5 hours unwrapped, the other 5.5 wrapped up. hickory wood chips.


----------



## eastbayfisher (Aug 25, 2004)

The best way is to just to take a bunch of methods and put them together and see what you lilke best. every pit or grill is different and everyone likes it their own way. Heck some of the most crazy ways turn out to e the best!


----------



## jebatu (May 22, 2006)

Have been to 2 Rat Killings and a County Fair. But boil a Brisket, can,'t say as I have ever heard of that one. How did it turn out ? Seriously.


----------



## Wharf_Rat (Dec 28, 2010)

*Boil a brisket*



jebatu said:


> Have been to 2 Rat Killings and a County Fair. But boil a Brisket, can,'t say as I have ever heard of that one. How did it turn out ? Seriously.


Well, I was kidding, mostly about the briquettes/lumber. But you'd be surprised how genuine a brisket tastes if you smoke it for an hour or two after boiling it. It's a good trick to know when your brisket is half done and you find out eight more people are coming than you counted on. (what do you think BBQ places do when they realize they are running out of brisket?). Try it and let us know.

Also, save the stock and reduce it down. Makes a great french onion soup.


----------



## adub (Jul 30, 2010)

try the booiling for ribs once due to lack of time. surprisingly it tasted very good. sure it would be the same for brisket, but just knowing it has been boiled it the part that bothers me. just sounds gross.


----------



## Aggieangler (May 28, 2004)

LOL...I agree on boiling. I know some good rib places that do that though.


----------



## laqua (Jan 9, 2006)

I like to soak my briskets in my crawfish boil as I am bringing up the temperature to a boil. I will let it boil for 45 minutes at a slow rolling boil. Remove and put on the smoker until i reach the desired temperature. Be sure to add more seasoning to your boil before you put the crawfish in. Ribs come out really good using this method.


----------



## crewdgras (Feb 23, 2011)

what weighs more ---- a pound of feathers or a pound of lead????


----------



## Gilbert (May 25, 2004)

crewdgras said:


> what weighs more ---- a pound of feathers or a pound of lead????

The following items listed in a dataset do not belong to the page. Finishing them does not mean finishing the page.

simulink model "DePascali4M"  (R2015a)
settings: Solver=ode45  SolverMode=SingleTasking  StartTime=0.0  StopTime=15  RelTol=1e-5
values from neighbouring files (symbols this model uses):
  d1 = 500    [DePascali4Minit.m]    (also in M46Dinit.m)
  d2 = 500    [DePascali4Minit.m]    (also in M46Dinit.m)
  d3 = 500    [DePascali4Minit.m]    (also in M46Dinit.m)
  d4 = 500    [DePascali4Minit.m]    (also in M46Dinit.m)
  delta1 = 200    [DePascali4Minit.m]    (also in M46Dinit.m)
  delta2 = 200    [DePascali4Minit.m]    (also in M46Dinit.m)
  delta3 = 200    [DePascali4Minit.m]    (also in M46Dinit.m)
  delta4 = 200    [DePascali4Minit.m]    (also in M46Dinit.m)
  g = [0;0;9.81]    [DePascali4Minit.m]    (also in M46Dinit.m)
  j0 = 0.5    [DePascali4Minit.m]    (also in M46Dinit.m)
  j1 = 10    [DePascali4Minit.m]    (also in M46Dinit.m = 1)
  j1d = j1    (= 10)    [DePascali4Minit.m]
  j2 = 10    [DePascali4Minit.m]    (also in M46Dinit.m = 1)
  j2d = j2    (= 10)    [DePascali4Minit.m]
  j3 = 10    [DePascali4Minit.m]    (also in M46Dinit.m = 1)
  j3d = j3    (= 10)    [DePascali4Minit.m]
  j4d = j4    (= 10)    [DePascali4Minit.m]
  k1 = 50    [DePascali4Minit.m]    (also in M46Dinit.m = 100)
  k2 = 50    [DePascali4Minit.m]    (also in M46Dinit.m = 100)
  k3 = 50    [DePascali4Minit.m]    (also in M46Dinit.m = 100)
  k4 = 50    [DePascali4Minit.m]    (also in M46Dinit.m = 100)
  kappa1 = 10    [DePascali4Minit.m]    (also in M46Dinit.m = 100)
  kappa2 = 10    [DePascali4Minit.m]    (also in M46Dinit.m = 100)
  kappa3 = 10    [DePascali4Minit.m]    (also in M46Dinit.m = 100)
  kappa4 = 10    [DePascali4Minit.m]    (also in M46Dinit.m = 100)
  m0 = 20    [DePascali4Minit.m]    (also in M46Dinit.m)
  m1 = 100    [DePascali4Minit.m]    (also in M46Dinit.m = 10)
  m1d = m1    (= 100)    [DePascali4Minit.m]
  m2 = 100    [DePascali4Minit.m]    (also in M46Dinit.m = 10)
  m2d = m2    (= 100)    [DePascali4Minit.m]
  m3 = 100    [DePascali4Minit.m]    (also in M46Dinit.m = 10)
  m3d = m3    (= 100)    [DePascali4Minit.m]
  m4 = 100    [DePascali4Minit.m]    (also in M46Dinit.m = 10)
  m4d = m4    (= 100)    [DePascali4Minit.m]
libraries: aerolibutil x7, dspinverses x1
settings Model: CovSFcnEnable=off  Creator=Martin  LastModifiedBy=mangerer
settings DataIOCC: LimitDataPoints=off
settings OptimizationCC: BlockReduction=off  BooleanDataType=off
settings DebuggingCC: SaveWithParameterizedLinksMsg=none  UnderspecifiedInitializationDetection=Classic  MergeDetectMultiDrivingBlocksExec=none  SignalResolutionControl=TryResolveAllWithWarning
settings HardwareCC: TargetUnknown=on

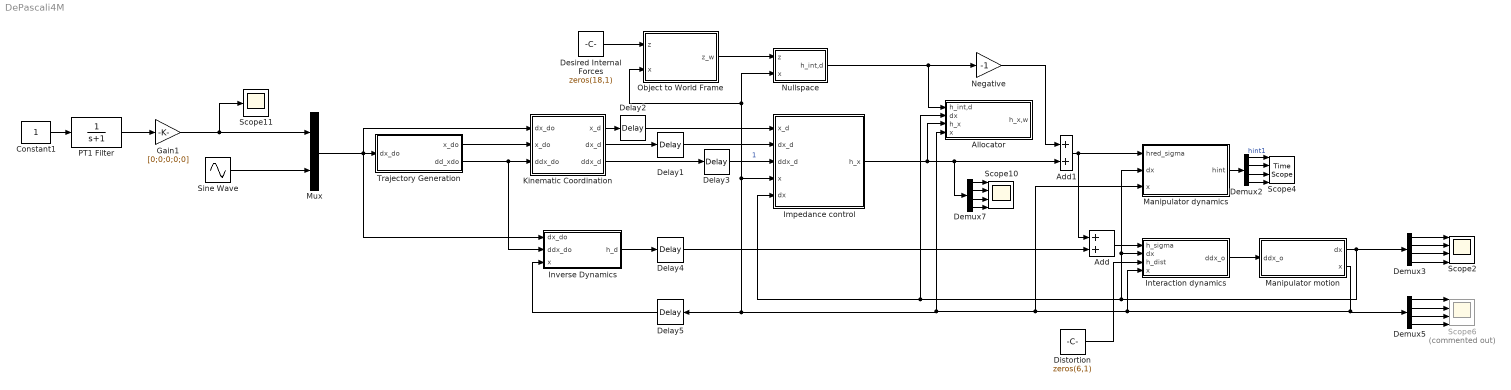
== system DePascali4M ==
  Add : Sum
  Add1 : Sum
  Allocator : Subsystem
  Constant1 : Constant
  Delay1 : TransportDelay  DelayTime=0
  Delay2 : TransportDelay  DelayTime=0  InitialOutput="[1 0 0 1 0 0 0   0 1 0 1 0 0 0    -1 0 0 1 0 0 0     0 -1 0 1 0 0 0]'"
  Delay3 : TransportDelay  DelayTime=0
  Delay4 : TransportDelay  DelayTime=0
  Delay5 : TransportDelay  DelayTime=0  InitialOutput="[1 0 0 1 0 0 0   0 1 0 1 0 0 0    -1 0 0 1 0 0 0     0 -1 0 1 0 0 0]'"
  Demux{2..3,5,7} (4 alike) : Demux
  Desired Internal Forces : Constant  Value=zeros(18,1)
  Distortion : Constant  Value=zeros(6,1)
  Gain1 : Gain  Gain=[0;0;0;0;0]
  Impedance control : Subsystem
  Interaction dynamics : Subsystem
  Inverse Dynamics : Subsystem
  Kinematic Coordination : Subsystem
  Manipulator dynamics : Subsystem
  Manipulator motion : Subsystem
  Mux : Mux  Inputs=2
  Negative : Gain  Gain=-1
  Nullspace : Subsystem
  Object to World Frame : MATLAB Function  TreatAsAtomicUnit=on
  PT1 Filter : TransferFcn  Denominator=[1 1]
  Scope10 : Scope  NumInputPorts=4
      settings: ShowLegends=on  YMin=-1~-5~-5~-5  YMax=1~5~5~5  SaveName=ScopeData18
  Scope11 : Scope
      settings: YMin=0.9984  YMax=1  SaveName=ScopeData26
  Scope2 : Scope  NumInputPorts=4
      settings: ShowLegends=on  YMin=-1.5~-1.5~-1.5~-1.5  YMax=6~5.5~6~5.5  SaveName=ScopeData2
  Scope4 : TimeScope  NumInputPorts=4
  Scope6 : Scope  Commented=on  NumInputPorts=4
      settings: ShowLegends=on  YMin=-25~-25~-25~-25  YMax=200~200~200~200  SaveName=ScopeData11
  Sine Wave : Sin  Frequency=2*pi  SampleTime=0
  Trajectory Generation : Subsystem
  wires:
  Interaction dynamics/1(ddx_o) -> Manipulator motion/1(ddx_o)
  Manipulator dynamics/1(hint) -> Demux2/1
  Demux2/1 -> Scope4/1  "hint1"
  Demux2/2 -> Scope4/2
  Demux2/3 -> Scope4/3
  Demux2/4 -> Scope4/4
  Demux3/1 -> Scope2/1
  Demux3/2 -> Scope2/2
  Demux3/3 -> Scope2/3
  Demux3/4 -> Scope2/4
  Add1/1 -> Manipulator dynamics/1(hred_sigma), Add/1
  Demux5/1 -> Scope6/1
  Demux5/2 -> Scope6/2
  Demux5/3 -> Scope6/3
  Demux5/4 -> Scope6/4
  Object to World Frame/1(z_w) -> Nullspace/1(z)
  Nullspace/1(h_int,d) -> Negative/1, Allocator/1(h_int,d)
  Desired Internal Forces/1 -> Object to World Frame/1(z)
  Demux7/1 -> Scope10/1
  Demux7/2 -> Scope10/2
  Demux7/3 -> Scope10/3
  Demux7/4 -> Scope10/4
  PT1 Filter/1 -> Gain1/1
  Add/1 -> Interaction dynamics/1(h_sigma)
  Gain1/1 -> Scope11/1, Mux/1
  Impedance control/1(h_x) -> Demux7/1, Add1/2, Allocator/3(h_x)
  Manipulator motion/1(dx) -> Demux3/1, Impedance control/5(dx), Allocator/2(dx), Interaction dynamics/2(dx), Manipulator dynamics/2(dx)
  Inverse Dynamics/1(h_d) -> Delay4/1
  Sine Wave/1 -> Mux/2
  Kinematic Coordination/1(x_d) -> Delay2/1
  Kinematic Coordination/2(dx_d) -> Delay1/1
  Kinematic Coordination/3(ddx_d) -> Delay3/1
  Trajectory Generation/2(dd_xdo) -> Kinematic Coordination/3(ddx_do), Inverse Dynamics/2(ddx_do)
  Trajectory Generation/1(x_do) -> Kinematic Coordination/2(x_do)
  Mux/1 -> Kinematic Coordination/1(dx_do), Inverse Dynamics/1(dx_do), Trajectory Generation/1(dx_do)
  Delay2/1 -> Impedance control/1(x_d)
  Delay1/1 -> Impedance control/2(dx_d)
  Delay3/1 -> Impedance control/3(ddx_d)  "1"
  Delay4/1 -> Add/2
  Manipulator motion/2(x) -> Demux5/1, Interaction dynamics/4(x), Manipulator dynamics/3(x), Impedance control/4(x), Object to World Frame/2(x), Nullspace/2(x), Delay5/1, Allocator/4(x)
  Delay5/1 -> Inverse Dynamics/3(x)
  Negative/1 -> Add1/1
  Constant1/1 -> PT1 Filter/1
  Distortion/1 -> Interaction dynamics/3(h_dist)

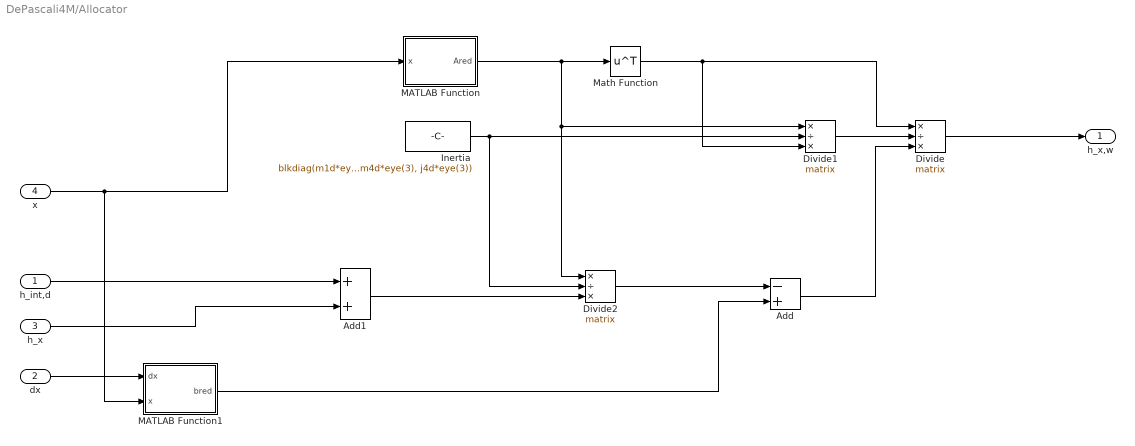
== system DePascali4M/Allocator ==
  h_int,d : Inport
  dx : Inport  Port=2
  h_x : Inport  Port=3
  x : Inport  Port=4
  Add : Sum  Inputs=-+
  Add1 : Sum
  Divide : Product  Inputs=*/*  Multiplication=Matrix(*)
  Divide1 : Product  Inputs=*/*  Multiplication=Matrix(*)
  Divide2 : Product  Inputs=*/*  Multiplication=Matrix(*)
  Inertia : Constant  Value=blkdiag(m1d*eye(3), j1d*eye(3), m2d*eye(3), j2d*eye(3), m3d*eye(3), j3d*eye(3), m4d*eye(3), j4d*eye(3))
  MATLAB Function : MATLAB Function  TreatAsAtomicUnit=on
  MATLAB Function1 : MATLAB Function  TreatAsAtomicUnit=on
  Math Function : Math  Operator=transpose  SaturateOnIntegerOverflow=on
  h_x,w : Outport
  wires:
  dx/1 -> MATLAB Function1/1(dx)
  Divide/1 -> h_x,w/1
  Math Function/1 -> Divide1/3, Divide/1
  MATLAB Function/1(Ared) -> Math Function/1, Divide2/1, Divide1/1
  Divide1/1 -> Divide/2
  Inertia/1 -> Divide1/2, Divide2/2
  MATLAB Function1/1(bred) -> Add/2
  Add/1 -> Divide/3
  Divide2/1 -> Add/1
  Add1/1 -> Divide2/3
  h_int,d/1 -> Add1/1
  h_x/1 -> Add1/2
  x/1 -> MATLAB Function1/2(x), MATLAB Function/1(x)

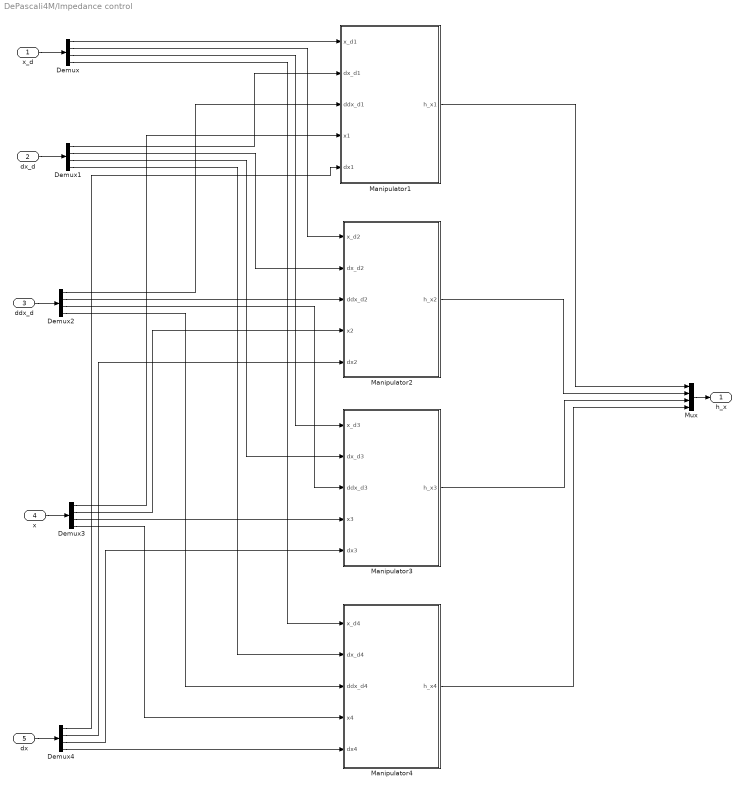
== system DePascali4M/Impedance control ==
  x_d : Inport
  dx_d : Inport  Port=2
  ddx_d : Inport  Port=3
  x : Inport  Port=4
  dx : Inport  Port=5
  Demux{,1..4} (5 alike) : Demux
  Manipulator1 : Subsystem
  Manipulator2 : Subsystem
  Manipulator3 : Subsystem
  Manipulator4 : Subsystem
  Mux : Mux
  h_x : Outport
  wires:
  dx/1 -> Demux4/1
  x/1 -> Demux3/1
  ddx_d/1 -> Demux2/1
  dx_d/1 -> Demux1/1
  x_d/1 -> Demux/1
  Demux/1 -> Manipulator1/1(x_d1)
  Demux/2 -> Manipulator2/1(x_d2)
  Demux/3 -> Manipulator3/1(x_d3)
  Demux/4 -> Manipulator4/1(x_d4)
  Demux1/1 -> Manipulator1/2(dx_d1)
  Demux1/2 -> Manipulator2/2(dx_d2)
  Demux1/3 -> Manipulator3/2(dx_d3)
  Demux1/4 -> Manipulator4/2(dx_d4)
  Demux2/1 -> Manipulator1/3(ddx_d1)
  Demux2/2 -> Manipulator2/3(ddx_d2)
  Demux2/3 -> Manipulator3/3(ddx_d3)
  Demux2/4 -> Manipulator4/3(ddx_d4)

a pound of lead. duh! :headknock

:rotfl:


----------



## Bill Fisher (Apr 12, 2006)

crewdgras said:


> what weighs more ---- a pound of feathers or a pound of lead????


if train 'A' leaves the staion @ 10:43 traveling west @ 46mph and train 'B' leave the station @ 11:57 traveling SSE @ 72mph what would you do if there were chicken and sausage in the smoker too?.....


----------



## Hotrod (Oct 11, 2006)

I just did a 12 lb brisket Sunday. Open heat for 2 hrs at 275-300 and wrapped for 3 hrs at same temp. You couldnt pick it up with tongs it was falling apart. Brisket was off the hook! No need to do 10+hrs


----------



## rsj7855 (Mar 29, 2011)

Hotrod said:


> I just did a 12 lb brisket Sunday. Open heat for 2 hrs at 275-300 and wrapped for 3 hrs at same temp. You couldnt pick it up with tongs it was falling apart. Brisket was off the hook! No need to do 10+hrs


I typically do 2:30-3 open, and 3:30 to 4 wrapped, all around 225. Typically 6-7 hours total and the same results, very tender. I typically use all mesquite as I am in South Texas but I heard oak/mesquite mix works well, but unsure.

Edit: I do inject (home-made, not store bought) the meat before tossing on the smoker and season.


----------